# Lighting suggestions for 24" deep tank



## AlexRorabeck (Jan 24, 2017)

Hey,

So i just purchase a 60 gallon cube. It's 24x24x24. I am planning to make it a planted tank. I'm not planning for super high light. Just want to be able to grow some medium. 

Anyone have an suggestions on what I should use? LED? T5HO?

Thanks.


----------



## charlie1 (Dec 1, 2011)

They are several options, depending on budget and the type of plants would make recommending a fixture easier.
One thing to be aware of ,because of the depth of that tank most carpeting plants would be a challenge unless you have good intensity.
Sorry i did not directly answer your question , but with some more info, i can possibly make a few suggestions.
Regards


----------



## AlexRorabeck (Jan 24, 2017)

I haven't really put a plant list together as of yet.
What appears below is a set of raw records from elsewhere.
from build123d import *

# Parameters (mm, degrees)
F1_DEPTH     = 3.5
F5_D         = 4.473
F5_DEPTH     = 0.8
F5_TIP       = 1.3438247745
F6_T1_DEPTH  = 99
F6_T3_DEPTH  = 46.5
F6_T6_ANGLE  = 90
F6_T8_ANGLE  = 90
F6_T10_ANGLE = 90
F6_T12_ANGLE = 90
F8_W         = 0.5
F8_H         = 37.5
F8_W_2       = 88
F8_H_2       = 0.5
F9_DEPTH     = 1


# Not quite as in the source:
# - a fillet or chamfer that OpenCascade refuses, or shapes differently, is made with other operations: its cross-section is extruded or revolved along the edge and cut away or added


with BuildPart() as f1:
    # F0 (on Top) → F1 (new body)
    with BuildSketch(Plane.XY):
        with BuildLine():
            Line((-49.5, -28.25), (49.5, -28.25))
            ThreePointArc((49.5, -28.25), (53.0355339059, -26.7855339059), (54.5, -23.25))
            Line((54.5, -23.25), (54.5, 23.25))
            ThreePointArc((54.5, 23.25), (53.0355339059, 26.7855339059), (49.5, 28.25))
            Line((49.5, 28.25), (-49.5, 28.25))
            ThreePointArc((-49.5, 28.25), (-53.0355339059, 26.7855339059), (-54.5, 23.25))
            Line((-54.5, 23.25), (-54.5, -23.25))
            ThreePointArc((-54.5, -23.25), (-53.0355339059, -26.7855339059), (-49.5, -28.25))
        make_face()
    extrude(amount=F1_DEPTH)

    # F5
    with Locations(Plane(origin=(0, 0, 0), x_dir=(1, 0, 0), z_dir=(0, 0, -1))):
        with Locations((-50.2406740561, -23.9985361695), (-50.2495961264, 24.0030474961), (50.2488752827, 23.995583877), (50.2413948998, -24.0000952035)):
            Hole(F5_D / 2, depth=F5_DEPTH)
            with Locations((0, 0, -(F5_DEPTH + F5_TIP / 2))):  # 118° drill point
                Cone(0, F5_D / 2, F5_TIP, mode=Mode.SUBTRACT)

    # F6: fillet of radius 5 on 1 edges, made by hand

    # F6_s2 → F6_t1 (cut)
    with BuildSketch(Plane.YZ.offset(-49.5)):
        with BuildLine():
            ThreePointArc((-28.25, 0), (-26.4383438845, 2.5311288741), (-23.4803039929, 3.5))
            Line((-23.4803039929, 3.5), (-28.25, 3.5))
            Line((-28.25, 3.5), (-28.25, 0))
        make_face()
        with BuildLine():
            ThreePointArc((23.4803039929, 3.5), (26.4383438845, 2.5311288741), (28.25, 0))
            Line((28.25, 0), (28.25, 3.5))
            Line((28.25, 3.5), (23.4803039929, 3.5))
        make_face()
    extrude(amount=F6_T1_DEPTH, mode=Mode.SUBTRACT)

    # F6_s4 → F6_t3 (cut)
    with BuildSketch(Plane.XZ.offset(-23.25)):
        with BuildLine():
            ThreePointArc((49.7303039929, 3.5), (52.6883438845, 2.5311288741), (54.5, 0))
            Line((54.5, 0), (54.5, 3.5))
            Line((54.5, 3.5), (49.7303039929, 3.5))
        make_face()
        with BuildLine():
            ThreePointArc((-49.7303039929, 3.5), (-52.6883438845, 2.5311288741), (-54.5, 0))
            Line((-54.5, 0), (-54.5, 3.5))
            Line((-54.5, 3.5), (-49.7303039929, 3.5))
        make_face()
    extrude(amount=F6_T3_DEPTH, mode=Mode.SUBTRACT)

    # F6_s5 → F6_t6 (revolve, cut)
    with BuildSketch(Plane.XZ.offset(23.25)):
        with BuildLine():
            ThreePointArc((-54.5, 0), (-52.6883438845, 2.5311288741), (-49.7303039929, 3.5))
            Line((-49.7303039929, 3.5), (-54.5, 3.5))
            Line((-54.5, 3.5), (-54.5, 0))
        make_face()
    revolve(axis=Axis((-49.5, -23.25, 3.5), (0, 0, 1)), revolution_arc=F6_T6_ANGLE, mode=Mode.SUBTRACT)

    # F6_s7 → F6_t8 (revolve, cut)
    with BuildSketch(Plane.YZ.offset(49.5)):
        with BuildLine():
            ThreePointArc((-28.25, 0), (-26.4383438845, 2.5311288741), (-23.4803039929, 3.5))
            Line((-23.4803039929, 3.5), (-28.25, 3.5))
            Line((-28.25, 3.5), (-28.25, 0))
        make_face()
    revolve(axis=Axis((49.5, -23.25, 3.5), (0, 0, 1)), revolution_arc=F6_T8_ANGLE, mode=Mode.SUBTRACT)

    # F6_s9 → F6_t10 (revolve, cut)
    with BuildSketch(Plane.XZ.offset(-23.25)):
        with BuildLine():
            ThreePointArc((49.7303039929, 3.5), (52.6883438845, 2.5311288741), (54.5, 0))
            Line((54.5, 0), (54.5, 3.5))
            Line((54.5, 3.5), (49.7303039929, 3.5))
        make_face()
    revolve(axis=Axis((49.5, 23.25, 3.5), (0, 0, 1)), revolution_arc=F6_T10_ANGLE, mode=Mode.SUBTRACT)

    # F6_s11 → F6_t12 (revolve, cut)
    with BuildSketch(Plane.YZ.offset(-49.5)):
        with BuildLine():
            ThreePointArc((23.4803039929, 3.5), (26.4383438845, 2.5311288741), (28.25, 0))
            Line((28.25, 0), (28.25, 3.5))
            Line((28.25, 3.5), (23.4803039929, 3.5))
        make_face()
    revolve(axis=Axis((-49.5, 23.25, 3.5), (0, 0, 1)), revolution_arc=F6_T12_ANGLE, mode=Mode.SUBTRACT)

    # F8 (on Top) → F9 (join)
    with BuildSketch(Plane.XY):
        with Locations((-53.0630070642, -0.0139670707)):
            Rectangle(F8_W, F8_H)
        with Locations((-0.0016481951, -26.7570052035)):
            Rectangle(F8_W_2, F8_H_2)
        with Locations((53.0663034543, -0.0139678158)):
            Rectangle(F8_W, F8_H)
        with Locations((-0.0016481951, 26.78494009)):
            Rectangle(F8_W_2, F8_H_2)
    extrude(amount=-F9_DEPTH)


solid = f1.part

In my other than I have some amazon swords, oriental sword, hygrophila siamensis and a narrow leaf micro sword carpet. So I may take some of the stuff from this tank and add it to the new one. 

I would also probably want to add some val's of some type (I know that's vague but once again I haven't really thought about specifically what plants I want). I'd be interested in most plants that come into the low-medium range just due to the fact that the tank is so deep.

I hope this helps with some recommendations.

Thanks!


----------